7. Which Locations Spend the Most? (Geographic Fashion Demand)

loc_spend <- shopping_data %>%
  group_by(Location) %>%
  summarise(Avg_Spend = mean(Spend, na.rm = TRUE)) %>%
  arrange(desc(Avg_Spend)) %>%
  slice_head(n = 10)

loc_plot <- ggplot(loc_spend, 
                   aes(x = reorder(Location, Avg_Spend), 
                       y = Avg_Spend)) +
  geom_col(fill = "steelblue") +
  coord_flip() +
  geom_text(aes(label = round(Avg_Spend, 2)),
            hjust = -0.2,
            size = 4,
            fontface = "bold") +
  labs(title = "Top 10 Locations by Average Spending",
       subtitle = "High-value fashion markets",
       x = "Location",
       y = "Average Spend ($)") +
  theme_minimal()

ggplotly(loc_plot)

Some locations show higher average transaction values. These areas may represent urban or fashion-forward markets where consumers spend more on style and trends.

8. Which Categories Have the Highest Customer Ratings?

cat_rating <- shopping_data %>%
  group_by(Category) %>%
  summarise(Avg_Rating = mean(Rating), .groups = "drop")

rating_plot <- ggplot(cat_rating, 
                      aes(x = reorder(Category, Avg_Rating), 
                          y = Avg_Rating)) +
  geom_col(fill = "blue") +
  coord_flip() +
  geom_text(aes(label = round(Avg_Rating, 2)),
            hjust = -0.2,
            size = 4,
            fontface = "bold") +
  labs(title = "Customer Satisfaction by Category",
       subtitle = "Which products delight customers most?",
       x = "Category",
       y = "Average Rating (1–5)") +
  theme_minimal() +
  coord_cartesian(ylim = c(0, 5))
## Coordinate system already present. Adding new coordinate system, which will
## replace the existing one.
ggplotly(rating_plot)

Some categories consistently receive higher ratings, meaning better fit, quality, or style satisfaction. Lower-rated categories may face issues like sizing, durability, or expectations mismatch.

Key Findings

1. Which product categories are purchased the most?

Answer: Clothing (45%) and Accessories (32%). These two categories make up over three-quarters of all sales.

2. How does purchase amount vary by age group?

Answer: It doesn’t. Spending is remarkably consistent (~$60) across all age groups from 18 to 70+.

3. Do discounts lead to higher purchase amounts?

Answer: No. Discounted purchases actually had a slightly lower average value ($59 vs $60).

4. What payment methods are most commonly used?

Answer: There is no dominant method.
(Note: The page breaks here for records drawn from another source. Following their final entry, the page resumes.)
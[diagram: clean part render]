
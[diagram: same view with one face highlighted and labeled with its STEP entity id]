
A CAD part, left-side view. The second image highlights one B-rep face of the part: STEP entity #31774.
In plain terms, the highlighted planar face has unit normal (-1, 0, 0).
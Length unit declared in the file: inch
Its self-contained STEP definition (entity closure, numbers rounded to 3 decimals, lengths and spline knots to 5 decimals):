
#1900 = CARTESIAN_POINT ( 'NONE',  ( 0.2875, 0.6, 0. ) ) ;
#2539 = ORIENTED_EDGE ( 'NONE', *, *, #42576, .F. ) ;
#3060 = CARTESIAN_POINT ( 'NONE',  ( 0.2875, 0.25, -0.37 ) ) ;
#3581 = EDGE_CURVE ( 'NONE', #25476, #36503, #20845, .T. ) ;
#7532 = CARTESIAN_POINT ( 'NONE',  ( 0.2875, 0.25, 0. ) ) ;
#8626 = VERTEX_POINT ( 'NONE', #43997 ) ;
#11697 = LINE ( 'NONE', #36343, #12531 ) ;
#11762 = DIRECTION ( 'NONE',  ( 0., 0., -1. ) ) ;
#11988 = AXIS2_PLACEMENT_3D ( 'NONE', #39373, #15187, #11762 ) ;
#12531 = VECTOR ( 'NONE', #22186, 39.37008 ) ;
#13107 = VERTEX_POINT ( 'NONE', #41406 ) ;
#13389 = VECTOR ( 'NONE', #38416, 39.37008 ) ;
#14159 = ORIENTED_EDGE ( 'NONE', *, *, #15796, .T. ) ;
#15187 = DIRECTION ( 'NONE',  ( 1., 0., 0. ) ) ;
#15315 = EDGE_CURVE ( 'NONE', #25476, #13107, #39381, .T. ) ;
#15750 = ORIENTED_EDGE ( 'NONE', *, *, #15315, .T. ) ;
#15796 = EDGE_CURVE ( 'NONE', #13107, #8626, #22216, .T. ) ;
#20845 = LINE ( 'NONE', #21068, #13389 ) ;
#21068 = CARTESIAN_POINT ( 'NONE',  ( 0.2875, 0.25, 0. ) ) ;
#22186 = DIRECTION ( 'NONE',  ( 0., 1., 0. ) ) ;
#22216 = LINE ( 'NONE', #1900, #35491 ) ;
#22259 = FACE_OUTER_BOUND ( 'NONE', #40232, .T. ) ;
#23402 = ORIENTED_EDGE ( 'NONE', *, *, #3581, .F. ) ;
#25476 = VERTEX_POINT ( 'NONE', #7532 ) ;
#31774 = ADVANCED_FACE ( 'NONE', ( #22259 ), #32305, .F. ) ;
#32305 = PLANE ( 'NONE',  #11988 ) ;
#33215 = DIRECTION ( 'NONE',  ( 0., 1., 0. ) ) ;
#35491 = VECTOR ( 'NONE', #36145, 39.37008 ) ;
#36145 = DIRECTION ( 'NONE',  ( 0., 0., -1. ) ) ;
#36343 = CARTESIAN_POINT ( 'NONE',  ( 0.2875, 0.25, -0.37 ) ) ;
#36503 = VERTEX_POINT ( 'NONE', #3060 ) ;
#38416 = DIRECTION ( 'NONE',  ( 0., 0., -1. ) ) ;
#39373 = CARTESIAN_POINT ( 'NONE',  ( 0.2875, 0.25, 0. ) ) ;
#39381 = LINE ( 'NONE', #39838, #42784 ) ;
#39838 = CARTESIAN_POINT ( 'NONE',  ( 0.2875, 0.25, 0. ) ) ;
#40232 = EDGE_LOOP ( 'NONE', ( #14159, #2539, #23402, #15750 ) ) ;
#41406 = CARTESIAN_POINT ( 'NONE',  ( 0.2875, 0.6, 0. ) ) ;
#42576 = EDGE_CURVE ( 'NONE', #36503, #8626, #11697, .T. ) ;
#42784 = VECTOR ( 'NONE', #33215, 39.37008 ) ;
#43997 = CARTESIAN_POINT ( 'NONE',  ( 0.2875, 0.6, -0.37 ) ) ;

Usage is split evenly between PayPal, Credit Card, Cash, and Venmo.

5. Does purchase frequency relate to customer satisfaction?

Answer: No. Satisfaction ratings are stable (3.75/5.0) regardless of how often a customer shops.

6. Which categories rely most on discounts?

Some fashion categories are more price-sensitive, indicating where discount strategies influence demand.

7. Which locations spend the most?

Answer: Average spending varies by location. The top 10 locations show noticeably higher transaction values, indicating stronger purchasing power and higher demand for fashion products in these areas.

8. Which categories have the highest customer ratings?

Customer satisfaction varies by category, highlighting quality perception differences.

Recommendations

1. Rethink the Discount Strategy

Since discounts aren’t increasing the average purchase value, stop offering generic discounts. Instead, use “Spend $100, Get $10 Off” promos to force the basket size up.

2. Bundle Accessories with Clothing

Since 77% of sales are Clothing or Accessories, create bundles (e.g., “Shirt + Belt” combos). This leverages the popularity of both categories.

3. Maintain Payment Flexibility

Do not streamline payment options. The even split shows that our customers rely on having their specific preferred method available.

Conclusion

This study reveals that our customer base is highly consistent. We don’t have a specific “niche” age group, and our shoppers behave similarly regardless of discounts or frequency. Key Takeaway: We have a stable, predictable business model. Growth will likely come from increasing the average transaction value (bundling) rather than finding a new demographic.